Turkey’s opportunities to use “green” technologies are plentiful – and much needed. The country’s economic boom has increased citizens’ wealth and with it demand for energy, both for industrial use and at home.
The bright green bushes on the hills of the Trabzon region show how most people still make a living here. They plant tea, which they generously offer to visitors, and are concerned about environmental degradation.
“Most people and companies use coal as an energy source, but demand is high and the increased use of ‘green’ energy like hydropower will help preserve our unique environment,” says Idris Ozturk, who has lived there for his whole life. “It will also help our country to become more independent from expensive energy imports,” he adds.
Protecting local communities and the environment
Mr Ozturk works as a construction supervisor at a project to build a hydropower plant at Saray, east of Trabzon. The project is part of the Turkish Mid-size Sustainable Energy Financing Facility (MidSEFF) under which the EBRD has, together with the European Investment Bank and European Commission, committed more than €1 billion to Turkish partner banks. These partner banks have in turn on-lent this money to private sector borrowers to help them invest in renewable energies.
With the help of European Union funding, the EBRD’s social and environmental experts ensure that companies have a minimal impact on the local community and the environment. “We have monitored the river flow and water quality since the beginning of the project. Also, to prevent accidents, our workers are wearing their protective gear at all time. Before starting the project, we had several meetings with the local community to take their concerns into account,” Mr Ozturk says.

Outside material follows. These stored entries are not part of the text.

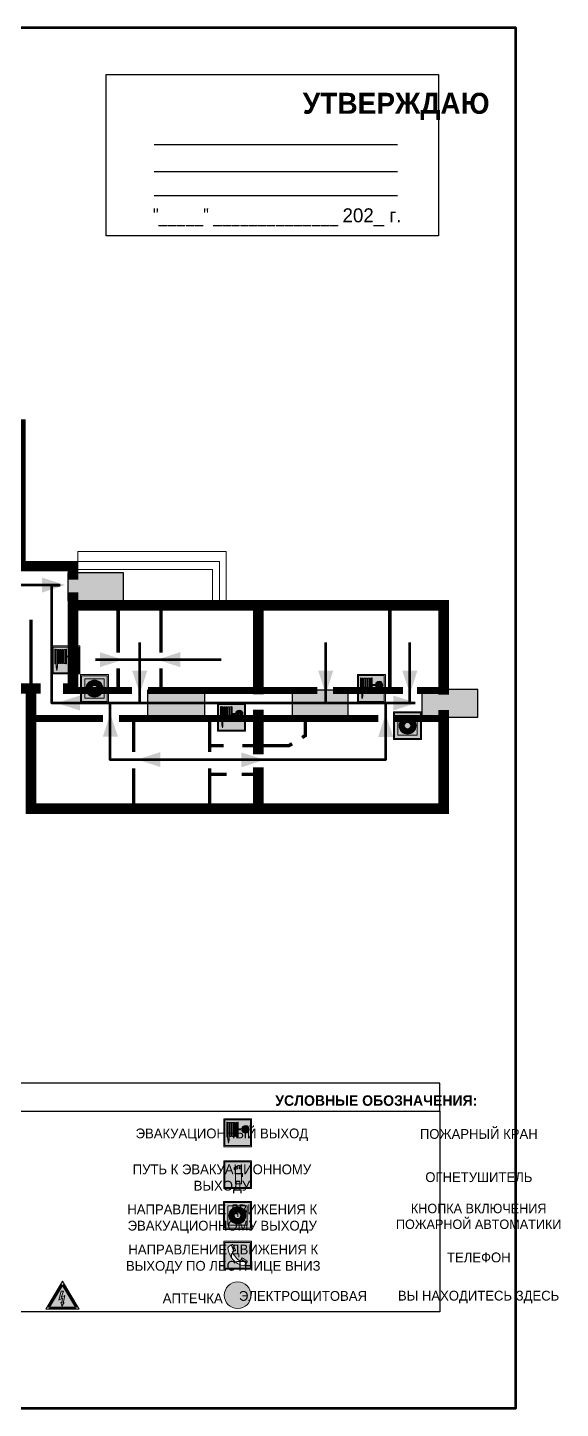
# Model space of a CAD drawing. Header units: millimetres. Extents: x 13810 to 67229, y 12374 to 21950.
# Drawn here: x 22976.3 to 23128.6, y 18688.2 to 19083.2 of the extents above; entities that cross this region are included whole.
import ezdxf

# ---------------------------------------------------------------- set-up
doc = ezdxf.new("R2010")
doc.units = ezdxf.units.MM
doc.layers.add('План_Штампы', color=7, linetype='Continuous')
doc.styles.add('обычный', font='arial.ttf')

# ---------------------------------------------------------------- blocks, each defined once
blk = doc.blocks.new('A$C3E6D3DDE')
at = {"lineweight": 5}
h = blk.add_hatch(color=40, dxfattribs=at)
h.paths.add_polyline_path([(24.1, 1.45), (16.46, -11.35), (31.74, -11.35)])
h.paths.add_polyline_path([(24.09, -0.46), (30.03, -10.41), (18.14, -10.41)], flags=16)
h.paths.add_polyline_path([(24.54, -3.08), (23.41, -6.02), (25.13, -5.01), (24.33, -8.5), (24.82, -8.27), (23.79, -9.86), (23.4, -8.04), (23.8, -8.43), (24.04, -6.29), (22.39, -7.25), (23.44, -3.08)], flags=0)
h = blk.add_hatch(color=256, dxfattribs=at)
h.paths.add_polyline_path([(24.37, 0.03, 0.567511), (23.82, 0.03), (17.59, -10.4, 0.582454), (17.86, -10.88), (30.32, -10.88, 0.582149), (30.6, -10.4)])
h.paths.add_polyline_path([(24.09, -0.46), (18.14, -10.41), (30.03, -10.41)], flags=16)
h.paths.add_polyline_path([(24.54, -3.08), (23.41, -6.02), (25.13, -5.01), (24.33, -8.5), (24.82, -8.27), (23.79, -9.86), (23.4, -8.04), (23.8, -8.43), (24.04, -6.29), (22.39, -7.25), (23.44, -3.08)], flags=0)
h = blk.add_hatch(color=40, dxfattribs=at)
h.paths.add_polyline_path([(24.09, -0.46), (18.14, -10.41), (30.03, -10.41)])
h.paths.add_polyline_path([(24.82, -8.27), (23.79, -9.86), (23.4, -8.04), (23.8, -8.43), (24.04, -6.29), (22.39, -7.25), (23.44, -3.08), (24.54, -3.08), (23.41, -6.02), (25.13, -5.01), (24.33, -8.5)], flags=16)
at = {"color": 40, "lineweight": 5}
for p, q in [((16.46, -11.35), (24.1, 1.45)), ((24.1, 1.45), (31.74, -11.35))]:
    blk.add_line(p, q, dxfattribs=at)
at = {"lineweight": 5}
for p, q in [((17.59, -10.4), (23.82, 0.03)), ((24.37, 0.03), (30.6, -10.4)), ((18.14, -10.41), (24.09, -0.46)), ((23.44, -3.08), (22.39, -7.25)), ((22.39, -7.25), (24.04, -6.29)), ((23.41, -6.02), (24.54, -3.08)), ((25.13, -5.01), (23.41, -6.02)), ((24.54, -3.08), (23.44, -3.08)), ((24.04, -6.29), (23.8, -8.43)), ((24.09, -0.46), (30.03, -10.41)), ((24.33, -8.5), (25.13, -5.01)), ((17.86, -10.88), (30.32, -10.88)), ((18.14, -10.41), (30.03, -10.41)), ((23.8, -8.43), (23.4, -8.04)), ((23.4, -8.04), (23.79, -9.86)), ((23.79, -9.86), (24.82, -8.27)), ((24.82, -8.27), (24.33, -8.5))]:
    blk.add_line(p, q, dxfattribs=at)
at = {"color": 50, "lineweight": 5}
blk.add_line((31.74, -11.35), (16.46, -11.35), dxfattribs=at)
blk = doc.blocks.new('A$C37112FD5')
at = {"true_color": 0xf5f5ff}
h = blk.add_hatch(color=7, dxfattribs=at)
h.dxf.hatch_style = 1
h.paths.add_polyline_path([(12.8, -7.4), (0, -7.4), (0, -20.2), (12.8, -20.2)])
h.paths.add_polyline_path([(12.29, -7.91), (12.29, -19.69), (0.51, -19.69), (0.51, -7.91)], flags=16)
h.paths.add_polyline_path([(4.98, -9.04, -0.42597), (5.17, -9.22), (5.17, -12.25), (5.17, -15.29, -0.432244), (4.98, -15.47), (4.83, -15.47, -0.42597), (4.64, -15.29), (4.64, -12.25), (4.64, -9.22, -0.432244), (4.83, -9.04)], flags=0)
h.paths.add_polyline_path([(4.28, -9.22), (4.28, -12.25), (4.28, -15.29, -0.432244), (4.09, -15.47), (3.94, -15.47, -0.42597), (3.75, -15.29), (3.75, -12.25), (3.75, -9.22, -0.432244), (3.94, -9.04), (4.09, -9.04, -0.42597)], flags=0)
h.paths.add_polyline_path([(5.72, -9.04), (5.87, -9.04, -0.42597), (6.06, -9.22), (6.06, -12.25), (6.06, -15.29, -0.432244), (5.87, -15.47), (5.72, -15.47, -0.42597), (5.53, -15.29), (5.53, -12.25), (5.53, -9.22, -0.432244)], flags=0)
h.paths.add_polyline_path([(6.42, -8.9), (6.5, -8.9, -0.42597), (6.69, -9.08), (6.69, -12.03), (8.21, -12.03, -15.824349), (8.21, -12.47), (6.69, -12.47), (6.69, -15.42, -0.432244), (6.5, -15.6), (6.42, -15.6)], flags=0)
h.paths.add_polyline_path([(3.39, -9.22), (3.39, -12.25), (3.39, -15.29, -0.432244), (3.2, -15.47), (3.05, -15.47, -0.42597), (2.85, -15.29), (2.85, -12.25), (2.85, -9.22, -0.432244), (3.05, -9.04), (3.2, -9.04, -0.42597)], flags=0)
h.paths.add_polyline_path([(2.5, -9.22), (2.5, -16.71), (1.96, -16.71), (1.96, -9.22, -0.432244), (2.15, -9.04), (2.31, -9.04, -0.42597)], flags=0)
h.paths.add_polyline_path([(1.61, -8.9), (1.61, -15.6), (1.57, -15.6, -0.42597), (1.37, -15.42), (1.37, -12.03), (1.37, -9.09, -0.432244), (1.57, -8.9)], flags=0)
h.paths.add_polyline_path([(9.76, -10.81), (9.76, -12.03), (8.49, -12.03, -0.336371)], flags=0)
h.paths.add_polyline_path([(8.49, -12.47), (9.76, -12.47), (9.76, -13.7, -0.336371)], flags=0)
h.paths.add_polyline_path([(10.11, -10.81, -0.336371), (11.38, -12.03), (10.11, -12.03)], flags=0)
h.paths.add_polyline_path([(10.11, -12.47), (11.38, -12.47, -0.336371), (10.11, -13.7)], flags=0)
h.paths.add_polyline_path([(2.5, -16.84), (2.5, -17.05), (1.97, -17.05), (1.97, -16.84)], flags=0)
h.paths.add_polyline_path([(2.5, -17.24, -0.033778), (2.24, -18.6, -0.033778), (1.97, -17.24)], flags=0)
h = blk.add_hatch(color=242)
h.dxf.hatch_style = 1
h.paths.add_polyline_path([(12.29, -7.91), (0.51, -7.91), (0.51, -19.69), (12.29, -19.69)])
h.paths.add_polyline_path([(6.42, -15.6), (6.42, -8.9), (6.5, -8.9, -0.42597), (6.69, -9.08), (6.69, -12.03), (8.21, -12.03, -15.824349), (8.21, -12.47), (6.69, -12.47), (6.69, -15.42, -0.432244), (6.5, -15.6)], flags=16)
h.paths.add_polyline_path([(5.87, -15.47), (5.72, -15.47, -0.42597), (5.53, -15.29), (5.53, -12.25), (5.53, -9.22, -0.432244), (5.72, -9.04), (5.87, -9.04, -0.42597), (6.06, -9.22), (6.06, -12.25), (6.06, -15.29, -0.432244)], flags=16)
h.paths.add_polyline_path([(4.98, -15.47), (4.83, -15.47, -0.42597), (4.64, -15.29), (4.64, -12.25), (4.64, -9.22, -0.432244), (4.83, -9.04), (4.98, -9.04, -0.42597), (5.17, -9.22), (5.17, -12.25), (5.17, -15.29, -0.432244)], flags=16)
h.paths.add_polyline_path([(4.09, -15.47), (3.94, -15.47, -0.42597), (3.75, -15.29), (3.75, -12.25), (3.75, -9.22, -0.432244), (3.94, -9.04), (4.09, -9.04, -0.42597), (4.28, -9.22), (4.28, -12.25), (4.28, -15.29, -0.432244)], flags=16)
h.paths.add_polyline_path([(3.2, -15.47), (3.05, -15.47, -0.42597), (2.85, -15.29), (2.85, -12.25), (2.85, -9.22, -0.432244), (3.05, -9.04), (3.2, -9.04, -0.42597), (3.39, -9.22), (3.39, -12.25), (3.39, -15.29, -0.432244)], flags=16)
h.paths.add_polyline_path([(2.5, -17.05), (1.97, -17.05), (1.97, -16.84), (2.5, -16.84)], flags=16)
h.paths.add_polyline_path([(2.5, -17.24, -0.033778), (2.24, -18.6, -0.033778), (1.97, -17.24)], flags=16)
h.paths.add_polyline_path([(2.5, -16.71), (1.96, -16.71), (1.96, -9.22, -0.432244), (2.15, -9.04), (2.31, -9.04, -0.42597), (2.5, -9.22)], flags=16)
h.paths.add_polyline_path([(1.61, -15.6), (1.57, -15.6, -0.42597), (1.37, -15.42), (1.37, -12.03), (1.37, -9.09, -0.432244), (1.57, -8.9), (1.61, -8.9)], flags=16)
h.paths.add_polyline_path([(8.49, -12.47), (9.76, -12.47), (9.76, -13.7, -0.336371)], flags=0)
h.paths.add_polyline_path([(10.11, -13.7), (10.11, -12.47), (11.38, -12.47, -0.336371)], flags=0)
h.paths.add_polyline_path([(8.49, -12.03, -0.336371), (9.76, -10.81), (9.76, -12.03)], flags=0)
h.paths.add_polyline_path([(10.11, -12.03), (10.11, -10.81, -0.336371), (11.38, -12.03)], flags=0)
h = blk.add_hatch(color=7, dxfattribs=at)
h.dxf.hatch_style = 1
h.paths.add_polyline_path([(1.61, -8.9), (1.57, -8.9, 0.432244), (1.37, -9.09), (1.37, -12.03), (1.37, -15.42, 0.42597), (1.57, -15.6), (1.61, -15.6)])
h.paths.add_polyline_path([(2.5, -9.22, 0.42597), (2.31, -9.04), (2.15, -9.04, 0.432244), (1.96, -9.22), (1.96, -16.71), (2.5, -16.71)])
h.paths.add_polyline_path([(2.5, -16.84), (1.97, -16.84), (1.97, -17.05), (2.5, -17.05)])
h.paths.add_polyline_path([(2.5, -17.24), (1.97, -17.24, 0.033778), (2.24, -18.6, 0.033778)])
h.paths.add_polyline_path([(3.39, -12.25), (3.39, -9.22, 0.42597), (3.2, -9.04), (3.05, -9.04, 0.432244), (2.85, -9.22), (2.85, -12.25), (2.85, -15.29, 0.42597), (3.05, -15.47), (3.2, -15.47, 0.432244), (3.39, -15.29)])
h.paths.add_polyline_path([(4.28, -12.25), (4.28, -9.22, 0.42597), (4.09, -9.04), (3.94, -9.04, 0.432244), (3.75, -9.22), (3.75, -12.25), (3.75, -15.29, 0.42597), (3.94, -15.47), (4.09, -15.47, 0.432244), (4.28, -15.29)])
h.paths.add_polyline_path([(5.17, -12.25), (5.17, -9.22, 0.42597), (4.98, -9.04), (4.83, -9.04, 0.432244), (4.64, -9.22), (4.64, -12.25), (4.64, -15.29, 0.42597), (4.83, -15.47), (4.98, -15.47, 0.432244), (5.17, -15.29)])
h.paths.add_polyline_path([(6.06, -12.25), (6.06, -9.22, 0.42597), (5.87, -9.04), (5.72, -9.04, 0.432244), (5.53, -9.22), (5.53, -12.25), (5.53, -15.29, 0.42597), (5.72, -15.47), (5.87, -15.47, 0.432244), (6.06, -15.29)])
h.paths.add_polyline_path([(6.69, -12.47), (8.21, -12.47, 15.824349), (8.21, -12.03), (6.69, -12.03), (6.69, -9.08, 0.42597), (6.5, -8.9), (6.42, -8.9), (6.42, -15.6), (6.5, -15.6, 0.432244), (6.69, -15.42)])
h.paths.add_polyline_path([(8.49, -12.47), (9.76, -12.47), (9.76, -13.7, -0.336371)], flags=16)
h.paths.add_polyline_path([(8.49, -12.03, -0.336371), (9.76, -10.81), (9.76, -12.03)], flags=16)
h.paths.add_polyline_path([(10.11, -12.47), (11.38, -12.47, -0.336371), (10.11, -13.7)], flags=16)
h.paths.add_polyline_path([(10.11, -12.03), (10.11, -10.81, -0.336371), (11.38, -12.03)], flags=16)
h = blk.add_hatch(color=242)
h.dxf.hatch_style = 1
h.paths.add_polyline_path([(9.76, -10.81, 0.336371), (8.49, -12.03), (9.76, -12.03)])
h.paths.add_polyline_path([(10.11, -10.81), (10.11, -12.03), (11.38, -12.03, 0.336371)])
h.paths.add_polyline_path([(11.38, -12.47), (10.11, -12.47), (10.11, -13.7, 0.336371)])
h.paths.add_polyline_path([(9.76, -12.47), (8.49, -12.47, 0.336371), (9.76, -13.7)])
at = {"color": 242, "lineweight": 5}
for p, q in [((0, -20.2), (0, -7.4)), ((0, -7.4), (12.8, -7.4)), ((1.37, -12.03), (1.37, -9.08)), ((1.37, -12.03), (1.37, -15.42)), ((1.57, -8.9), (1.61, -8.9)), ((1.61, -8.9), (1.61, -15.6)), ((1.96, -16.71), (1.96, -9.22)), ((2.15, -9.04), (2.31, -9.04)), ((2.5, -16.71), (2.5, -9.22)), ((2.85, -12.25), (2.85, -9.22)), ((2.85, -12.25), (2.85, -15.29)), ((3.05, -9.04), (3.2, -9.04)), ((3.39, -12.25), (3.39, -9.22)), ((3.39, -12.25), (3.39, -15.29)), ((3.75, -12.25), (3.75, -9.22)), ((3.75, -12.25), (3.75, -15.29)), ((3.94, -9.04), (4.09, -9.04)), ((4.28, -12.25), (4.28, -9.22)), ((4.28, -12.25), (4.28, -15.29)), ((4.64, -12.25), (4.64, -9.22)), ((4.64, -12.25), (4.64, -15.29)), ((4.83, -9.04), (4.98, -9.04)), ((5.17, -12.25), (5.17, -9.22)), ((5.17, -12.25), (5.17, -15.29)), ((5.53, -12.25), (5.53, -9.22)), ((5.53, -12.25), (5.53, -15.29)), ((5.72, -9.04), (5.87, -9.04)), ((6.06, -12.25), (6.06, -9.22)), ((6.06, -12.25), (6.06, -15.29)), ((6.42, -8.9), (6.42, -15.6)), ((6.5, -8.9), (6.42, -8.9)), ((6.69, -12.03), (6.69, -9.08)), ((8.21, -12.03), (6.69, -12.03)), ((8.21, -12.47), (6.69, -12.47)), ((6.69, -12.47), (6.69, -15.42)), ((9.76, -12.03), (8.49, -12.03)), ((9.76, -12.47), (8.49, -12.47)), ((9.76, -10.81), (9.76, -12.03)), ((9.76, -12.47), (9.76, -13.7)), ((10.11, -10.81), (10.11, -12.03)), ((11.38, -12.03), (10.11, -12.03)), ((11.38, -12.47), (10.11, -12.47)), ((10.11, -12.47), (10.11, -13.7)), ((12.8, -20.2), (12.8, -7.4)), ((1.57, -15.6), (1.61, -15.6)), ((1.96, -16.71), (2.5, -16.71)), ((1.97, -16.84), (2.5, -16.84)), ((1.97, -17.05), (1.97, -16.84)), ((2.5, -17.05), (1.97, -17.05)), ((1.97, -17.24), (2.5, -17.24)), ((2.5, -16.84), (2.5, -17.05)), ((3.05, -15.47), (3.2, -15.47)), ((3.94, -15.47), (4.09, -15.47)), ((4.83, -15.47), (4.98, -15.47)), ((5.72, -15.47), (5.87, -15.47)), ((6.42, -15.6), (6.5, -15.6)), ((0, -20.2), (12.8, -20.2))]:
    blk.add_line(p, q, dxfattribs=at)
blk.add_lwpolyline([(0.51, -7.91), (12.29, -7.91), (12.29, -19.69), (0.51, -19.69)], close=True, dxfattribs=at)
for centre, radius, start, end in [((1.56, -9.09), 0.182, 87.10267, 180.60715), ((2.15, -9.22), 0.182, 87.10267, 180.60715), ((2.32, -9.22), 0.182, 359.39285, 92.89733), ((3.04, -9.22), 0.182, 87.10267, 180.60715), ((3.21, -9.22), 0.182, 359.39285, 92.89733), ((3.93, -9.22), 0.182, 87.10267, 180.60715), ((4.1, -9.22), 0.182, 359.39285, 92.89733), ((4.82, -9.22), 0.182, 87.10267, 180.60715), ((4.99, -9.22), 0.182, 359.39285, 92.89733), ((5.71, -9.22), 0.182, 87.10267, 180.60715), ((5.88, -9.22), 0.182, 359.39285, 92.89733), ((6.51, -9.09), 0.182, 359.39285, 92.89733), ((9.93, -12.25), 1.74, 187.23185, 172.76815), ((9.93, -12.25), 1.46, 96.99266, 171.35851), ((9.93, -12.25), 1.46, 188.64149, 263.00734), ((9.93, -12.25), 1.46, 8.64149, 83.00734), ((9.93, -12.25), 1.46, 276.99266, 351.35851), ((1.56, -15.42), 0.182, 179.39285, 272.89733), ((12.17, -15.98), 10.27, 187.04098, 194.7793), ((-7.7, -15.98), 10.27, 345.2207, 352.95902), ((3.04, -15.29), 0.182, 179.39285, 272.89733), ((3.21, -15.29), 0.182, 267.10267, 0.60715), ((3.93, -15.29), 0.182, 179.39285, 272.89733), ((4.1, -15.29), 0.182, 267.10267, 0.60715), ((4.82, -15.29), 0.182, 179.39285, 272.89733), ((4.99, -15.29), 0.182, 267.10267, 0.60715), ((5.71, -15.29), 0.182, 179.39285, 272.89733), ((5.88, -15.29), 0.182, 267.10267, 0.60715), ((6.51, -15.42), 0.182, 267.10267, 0.60715)]:
    blk.add_arc(centre, radius, start, end, dxfattribs=at)
blk = doc.blocks.new('A$C7B8C2D5B')
at = {"lineweight": 0}
h = blk.add_hatch(color=5, dxfattribs=at)
h.dxf.hatch_style = 1
h.paths.add_polyline_path([(1.4, -3.02, 1), (-2.11, -3.02, 1)])
at = {"color": 5, "lineweight": 0}
blk.add_circle((-0.36, -3.02), 1.75, dxfattribs=at)
blk = doc.blocks.new('A$C456E1F9C')
at = {"lineweight": 5}
h = blk.add_hatch(color=242, dxfattribs=at)
h.paths.add_polyline_path([(0.51, -1.47), (0.51, -13.26), (12.29, -13.26), (12.29, -1.47)])
h.paths.add_polyline_path([(5.42, -4.95, -0.254479), (4.78, -5.4), (3.52, -2.53, -0.209735), (4.23, -2.4)], flags=16)
h.paths.add_polyline_path([(8.53, -8.6), (10.87, -10.17), (10.54, -10.76), (8.03, -9.13, -0.192251)], flags=16)
h.paths.add_polyline_path([(4.61, -5.49, 0.005518), (3.87, -5.72, 0.128647), (7.49, -10.01, 0.00809), (7.83, -9.33), (10.47, -10.97, -0.16736), (8.99, -12.25, -0.327862), (1.95, -3.95, -0.166952), (3.36, -2.62)], flags=16)
at = {"color": 242, "lineweight": 5}
for p, q in [((0, -13.77), (0, -0.97)), ((12.8, -0.97), (0, -0.97)), ((4.61, -5.49), (3.36, -2.62)), ((3.52, -2.53), (4.78, -5.4)), ((4.23, -2.4), (5.42, -4.95)), ((12.8, -13.77), (12.8, -0.97)), ((7.83, -9.33), (10.47, -10.97)), ((8.03, -9.13), (10.54, -10.76)), ((10.81, -10.12), (8.53, -8.6)), ((10.54, -10.76), (10.8, -10.3)), ((10.8, -10.3), (10.81, -10.12)), ((0, -13.77), (12.8, -13.77))]:
    blk.add_line(p, q, dxfattribs=at)
blk.add_lwpolyline([(0.51, -1.47), (12.29, -1.47), (12.29, -13.26), (0.51, -13.26)], close=True, dxfattribs=at)
for centre, radius, start, end in [((4.59, -5.34), 2.99, 114.28453, 152.19739), ((11.12, -3.31), 9.19, 183.99153, 256.60086), ((4.02, -3.27), 0.891, 76.32839, 123.70924), ((14.98, -39.1), 35.17, 107.14873, 108.41345), ((13.86, -0.94), 11.08, 205.55365, 234.87622), ((4.68, -4.59), 0.824, 276.9621, 334.07228), ((-13.31, 0.8), 23.44, 332.54871, 334.40268), ((8.94, -9.5), 0.989, 114.40924, 157.93883), ((7.87, -9.46), 3, 291.92908, 329.9329)]:
    blk.add_arc(centre, radius, start, end, dxfattribs=at)
blk = doc.blocks.new('A$C54414219')
at = {"true_color": 0xffffff}
h = blk.add_hatch(color=7, dxfattribs=at)
h.paths.add_polyline_path([(2.39, -9.45), (2.39, -18.3), (11.23, -18.3), (11.23, -9.45)], flags=0)
h.paths.add_polyline_path([(10.71, -13.87, -1), (2.92, -13.87, -1)], flags=0)
h.paths.add_polyline_path([(8.3, -13.87, -1), (5.33, -13.87, -1)], flags=0)
h.paths.add_polyline_path([(0.41, -7.47), (0.41, -20.27), (13.21, -20.27), (13.21, -7.47)])
h.paths.add_polyline_path([(0.92, -19.77), (12.71, -19.77), (12.71, -7.98), (0.92, -7.98)], flags=16)
h.paths.add_polyline_path([(11.23, -9.45), (11.23, -18.3), (2.39, -18.3), (2.39, -9.45)], flags=0)
at = {"lineweight": 5}
h = blk.add_hatch(color=242, dxfattribs=at)
h.paths.add_polyline_path([(12.71, -7.98), (0.92, -7.98), (0.92, -19.77), (12.71, -19.77)])
h.paths.add_polyline_path([(11.23, -18.3), (2.39, -18.3), (2.39, -9.45), (11.23, -9.45)], flags=16)
h.paths.add_polyline_path([(10.71, -13.87, -1), (2.92, -13.87, -1)], flags=0)
h.paths.add_polyline_path([(8.3, -13.87, -1), (5.33, -13.87, -1)], flags=0)
at = {"true_color": 0xffffff}
h = blk.add_hatch(color=7, dxfattribs=at)
h.paths.add_polyline_path([(2.39, -9.45), (2.39, -18.3), (11.23, -18.3), (11.23, -9.45)])
h.paths.add_polyline_path([(10.71, -13.87, -1), (2.92, -13.87, -1)], flags=16)
h.paths.add_polyline_path([(8.3, -13.87, -1), (5.33, -13.87, -1)], flags=0)
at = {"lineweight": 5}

Musa Uşar, a local resident, took part in these meetings and raised his concerns about the impact on the surrounding landscape and the river’s water flow. “I was sceptical about the project at first, but then I learned that the hydropower plant is not destroying the tea plants and is built through a tunnel. Furthermore, the excavated earth is used to improve rural roads and a new medical centre opened in a nearby village.”
Wind of change
Since January 2011, MidSEFF has financed 28 sustainable energy projects which are helping to reduce CO2 emissions by 1.2 million tonnes per year, explains Adonai Herrera-Martinez, Principal Banker in the EBRD’s Istanbul office. “These investments into ‘green’ energy produce enough electricity to cover the needs of 3.6 million people in Turkey, which is equivalent to the residential electricity needs of a city of the size of Izmir.”
“Moreover, the EBRD has contributed to harmonising the environmental and social standards applied in these projects with those of the EU and has declined support for around 20 per cent of the projects due to the prospect of adverse risks to the environment and made local banks aware of these risks,” he adds.
But the EBRD’s work has an even wider impact than its MidSEFF projects. It has helped set a new benchmark in the Turkish market and many partner banks have adopted its strict social and environment requirements. Garantibank is one of them and has replicated what it has learned from the EBRD in the city of Soma.
Nowhere could the contrast between ‘the old’ and ‘the new’ be more visible than a two hour drive from the bustling port of Izmir. A long, winding road passes by one of the country’s oldest and largest mining sites and coal plants before ending on a hill overlooking dozens of wind turbines.
“The coal plant has a direct effect on our lives. I have to keep my windows closed at home at all times, otherwise our rooms are filled with black smoke and particles. It has been a constant problem and the main reason why I am considering moving away,” explains one of the local villagers.
All this despite the fact that so close to the Aegean Sea wind is abundant and readily available as an energy source. That is why Garantibank has financed a large wind farm on the hill tops. And there is good reason to do so: the region’s pristine coastline and ancient ruins need to be preserved for locals and the many tourists who flock in from all around the globe.
Building a windfarm comes with its challenges though, as Simten Ozturk, Supervisor at Garantibank’s Project and Acquisition Finance Department, knows. “Several expert studies – from monitoring noise levels to researching bird migration patterns – made sure that the wind farm doesn’t have a negative impact on villagers or animal life. In addition, the energy company planted 2,500 trees, replacing the 300 ones cut during the construction phase.”